══ DATA EXTRACTS ══

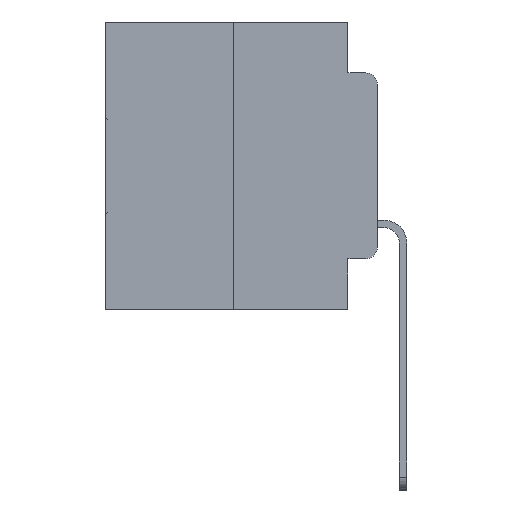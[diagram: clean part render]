
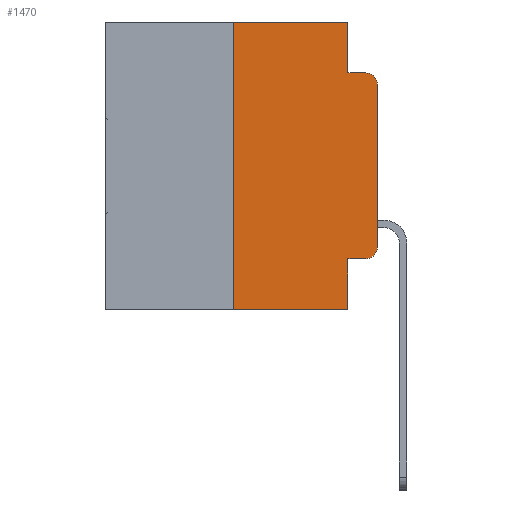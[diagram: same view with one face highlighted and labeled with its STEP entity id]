
A CAD part, left-side view. The second image highlights one B-rep face of the part: STEP entity #1470.
In plain terms, the highlighted planar face has unit normal (-1, 0, 0).
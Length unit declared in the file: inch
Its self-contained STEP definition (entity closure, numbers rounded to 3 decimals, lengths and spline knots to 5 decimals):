
#151 = CARTESIAN_POINT ( 'NONE',  ( 0., 0.051, -0.4115 ) ) ;
#398 = CARTESIAN_POINT ( 'NONE',  ( 0., 0.051, 0. ) ) ;
#570 = VERTEX_POINT ( 'NONE', #24127 ) ;
#989 = LINE ( 'NONE', #28649, #26229 ) ;
#1470 = ADVANCED_FACE ( 'NONE', ( #27361 ), #1614, .F. ) ;
#1586 = VECTOR ( 'NONE', #15758, 39.37008 ) ;
#1614 = PLANE ( 'NONE',  #14745 ) ;
#2095 = EDGE_CURVE ( 'NONE', #10587, #26629, #989, .T. ) ;
#2745 = ORIENTED_EDGE ( 'NONE', *, *, #15010, .F. ) ;
#3160 = CARTESIAN_POINT ( 'NONE',  ( 0., 0.25, 0. ) ) ;
#3861 = CARTESIAN_POINT ( 'NONE',  ( 0., 0.051, 0. ) ) ;
#4188 = LINE ( 'NONE', #23790, #21446 ) ;
#4223 = DIRECTION ( 'NONE',  ( 0., 0., -1. ) ) ;
#4376 = EDGE_CURVE ( 'NONE', #19902, #570, #20881, .T. ) ;
#5404 = CARTESIAN_POINT ( 'NONE',  ( 0., 0.051, -0.0885 ) ) ;
#5435 = EDGE_CURVE ( 'NONE', #26948, #14518, #29029, .T. ) ;
#5764 = ORIENTED_EDGE ( 'NONE', *, *, #23239, .T. ) ;
#6095 = EDGE_CURVE ( 'NONE', #16544, #14518, #4188, .T. ) ;
#6719 = CARTESIAN_POINT ( 'NONE',  ( 0., 0., -0.1085 ) ) ;
#7579 = LINE ( 'NONE', #151, #19231 ) ;
#8684 = DIRECTION ( 'NONE',  ( 0., 0., 1. ) ) ;
#9303 = ORIENTED_EDGE ( 'NONE', *, *, #9737, .T. ) ;
#9555 = CARTESIAN_POINT ( 'NONE',  ( 0., 0.02, -0.1085 ) ) ;
#9737 = EDGE_CURVE ( 'NONE', #570, #15341, #21812, .T. ) ;
#10289 = VECTOR ( 'NONE', #24996, 39.37008 ) ;
#10587 = VERTEX_POINT ( 'NONE', #19288 ) ;
#11128 = VERTEX_POINT ( 'NONE', #25047 ) ;
#11229 = DIRECTION ( 'NONE',  ( 0., 0., -1. ) ) ;
#11901 = DIRECTION ( 'NONE',  ( 0., 0., -1. ) ) ;
#12083 = VERTEX_POINT ( 'NONE', #5404 ) ;
#12556 = CARTESIAN_POINT ( 'NONE',  ( 0., 0.02, -0.3915 ) ) ;
#13473 = EDGE_CURVE ( 'NONE', #16544, #10587, #24453, .T. ) ;
#13526 = CARTESIAN_POINT ( 'NONE',  ( 0., 0.051, 0. ) ) ;
#13725 = CARTESIAN_POINT ( 'NONE',  ( 0., 0.051, -0.4115 ) ) ;
#13811 = CARTESIAN_POINT ( 'NONE',  ( 0., 0.473, 0. ) ) ;
#13833 = EDGE_LOOP ( 'NONE', ( #9303, #29101, #25220, #2745, #14517, #25791, #23265, #15409, #5764, #21815 ) ) ;
#14517 = ORIENTED_EDGE ( 'NONE', *, *, #2095, .F. ) ;
#14518 = VERTEX_POINT ( 'NONE', #29840 ) ;
#14555 = LINE ( 'NONE', #20414, #1586 ) ;
#14745 = AXIS2_PLACEMENT_3D ( 'NONE', #13811, #18400, #4223 ) ;
#14895 = DIRECTION ( 'NONE',  ( 0., 0., -1. ) ) ;
#14962 = DIRECTION ( 'NONE',  ( 0., -1., 0. ) ) ;
#15010 = EDGE_CURVE ( 'NONE', #26629, #12083, #16473, .T. ) ;
#15341 = VERTEX_POINT ( 'NONE', #6719 ) ;
#15409 = ORIENTED_EDGE ( 'NONE', *, *, #5435, .F. ) ;
#15662 = CARTESIAN_POINT ( 'NONE',  ( 0., 0., 0. ) ) ;
#15758 = DIRECTION ( 'NONE',  ( 0., -1., 0. ) ) ;
#15772 = VECTOR ( 'NONE', #8684, 39.37008 ) ;
#16473 = LINE ( 'NONE', #3861, #10289 ) ;
#16544 = VERTEX_POINT ( 'NONE', #28536 ) ;
#17639 = VECTOR ( 'NONE', #24384, 39.37008 ) ;
#18400 = DIRECTION ( 'NONE',  ( 1., 0., 0. ) ) ;
#19157 = DIRECTION ( 'NONE',  ( 0., -1., 0. ) ) ;
#19231 = VECTOR ( 'NONE', #28490, 39.37008 ) ;
#19288 = CARTESIAN_POINT ( 'NONE',  ( 0., 0.25, 0. ) ) ;
#19902 = VERTEX_POINT ( 'NONE', #29694 ) ;
#20414 = CARTESIAN_POINT ( 'NONE',  ( 0., 0.051, -0.0885 ) ) ;
#20881 = CIRCLE ( 'NONE', #23592, 0.02 ) ;
#21446 = VECTOR ( 'NONE', #19157, 39.37008 ) ;
#21812 = LINE ( 'NONE', #15662, #15772 ) ;
#21815 = ORIENTED_EDGE ( 'NONE', *, *, #4376, .T. ) ;
#22987 = VECTOR ( 'NONE', #11229, 39.37008 ) ;
#23239 = EDGE_CURVE ( 'NONE', #26948, #19902, #7579, .T. ) ;
#23265 = ORIENTED_EDGE ( 'NONE', *, *, #6095, .T. ) ;
#23592 = AXIS2_PLACEMENT_3D ( 'NONE', #12556, #28577, #14895 ) ;
#23790 = CARTESIAN_POINT ( 'NONE',  ( 0., 0.473, -0.5 ) ) ;
#24127 = CARTESIAN_POINT ( 'NONE',  ( 0., 0., -0.3915 ) ) ;
#24202 = EDGE_CURVE ( 'NONE', #12083, #11128, #14555, .T. ) ;
#24384 = DIRECTION ( 'NONE',  ( 0., 0., 1. ) ) ;
#24438 = CIRCLE ( 'NONE', #30066, 0.02 ) ;
#24453 = LINE ( 'NONE', #3160, #17639 ) ;
#24996 = DIRECTION ( 'NONE',  ( 0., 0., -1. ) ) ;
#25047 = CARTESIAN_POINT ( 'NONE',  ( 0., 0.02, -0.0885 ) ) ;
#25220 = ORIENTED_EDGE ( 'NONE', *, *, #24202, .F. ) ;
#25671 = DIRECTION ( 'NONE',  ( -1., 0., 0. ) ) ;
#25791 = ORIENTED_EDGE ( 'NONE', *, *, #13473, .F. ) ;
#26229 = VECTOR ( 'NONE', #14962, 39.37008 ) ;
#26629 = VERTEX_POINT ( 'NONE', #398 ) ;
#26948 = VERTEX_POINT ( 'NONE', #13725 ) ;
#27361 = FACE_OUTER_BOUND ( 'NONE', #13833, .T. ) ;
#28490 = DIRECTION ( 'NONE',  ( 0., -1., 0. ) ) ;
#28536 = CARTESIAN_POINT ( 'NONE',  ( 0., 0.25, -0.5 ) ) ;
#28577 = DIRECTION ( 'NONE',  ( -1., 0., 0. ) ) ;
#28649 = CARTESIAN_POINT ( 'NONE',  ( 0., 0.473, 0. ) ) ;
#29029 = LINE ( 'NONE', #13526, #22987 ) ;
#29101 = ORIENTED_EDGE ( 'NONE', *, *, #30241, .T. ) ;
#29694 = CARTESIAN_POINT ( 'NONE',  ( 0., 0.02, -0.4115 ) ) ;
#29840 = CARTESIAN_POINT ( 'NONE',  ( 0., 0.051, -0.5 ) ) ;
#30066 = AXIS2_PLACEMENT_3D ( 'NONE', #9555, #25671, #11901 ) ;
#30241 = EDGE_CURVE ( 'NONE', #15341, #11128, #24438, .T. ) ;

═══

> [EXERCISE AIM]:
Will you return exactly the lines above from the one with "#23239 = EDGE_CURVE" down to the one with "#29840 = CARTESIAN_POINT", counting both as part of the range?

> [FINISHED EXERCISE]:
#23239 = EDGE_CURVE ( 'NONE', #26948, #19902, #7579, .T. ) ;
#23265 = ORIENTED_EDGE ( 'NONE', *, *, #6095, .T. ) ;
#23592 = AXIS2_PLACEMENT_3D ( 'NONE', #12556, #28577, #14895 ) ;
#23790 = CARTESIAN_POINT ( 'NONE',  ( 0., 0.473, -0.5 ) ) ;
#24127 = CARTESIAN_POINT ( 'NONE',  ( 0., 0., -0.3915 ) ) ;
#24202 = EDGE_CURVE ( 'NONE', #12083, #11128, #14555, .T. ) ;
#24384 = DIRECTION ( 'NONE',  ( 0., 0., 1. ) ) ;
#24438 = CIRCLE ( 'NONE', #30066, 0.02 ) ;
#24453 = LINE ( 'NONE', #3160, #17639 ) ;
#24996 = DIRECTION ( 'NONE',  ( 0., 0., -1. ) ) ;
#25047 = CARTESIAN_POINT ( 'NONE',  ( 0., 0.02, -0.0885 ) ) ;
#25220 = ORIENTED_EDGE ( 'NONE', *, *, #24202, .F. ) ;
#25671 = DIRECTION ( 'NONE',  ( -1., 0., 0. ) ) ;
#25791 = ORIENTED_EDGE ( 'NONE', *, *, #13473, .F. ) ;
#26229 = VECTOR ( 'NONE', #14962, 39.37008 ) ;
#26629 = VERTEX_POINT ( 'NONE', #398 ) ;
#26948 = VERTEX_POINT ( 'NONE', #13725 ) ;
#27361 = FACE_OUTER_BOUND ( 'NONE', #13833, .T. ) ;
#28490 = DIRECTION ( 'NONE',  ( 0., -1., 0. ) ) ;
#28536 = CARTESIAN_POINT ( 'NONE',  ( 0., 0.25, -0.5 ) ) ;
#28577 = DIRECTION ( 'NONE',  ( -1., 0., 0. ) ) ;
#28649 = CARTESIAN_POINT ( 'NONE',  ( 0., 0.473, 0. ) ) ;
#29029 = LINE ( 'NONE', #13526, #22987 ) ;
#29101 = ORIENTED_EDGE ( 'NONE', *, *, #30241, .T. ) ;
#29694 = CARTESIAN_POINT ( 'NONE',  ( 0., 0.02, -0.4115 ) ) ;
#29840 = CARTESIAN_POINT ( 'NONE',  ( 0., 0.051, -0.5 ) ) ;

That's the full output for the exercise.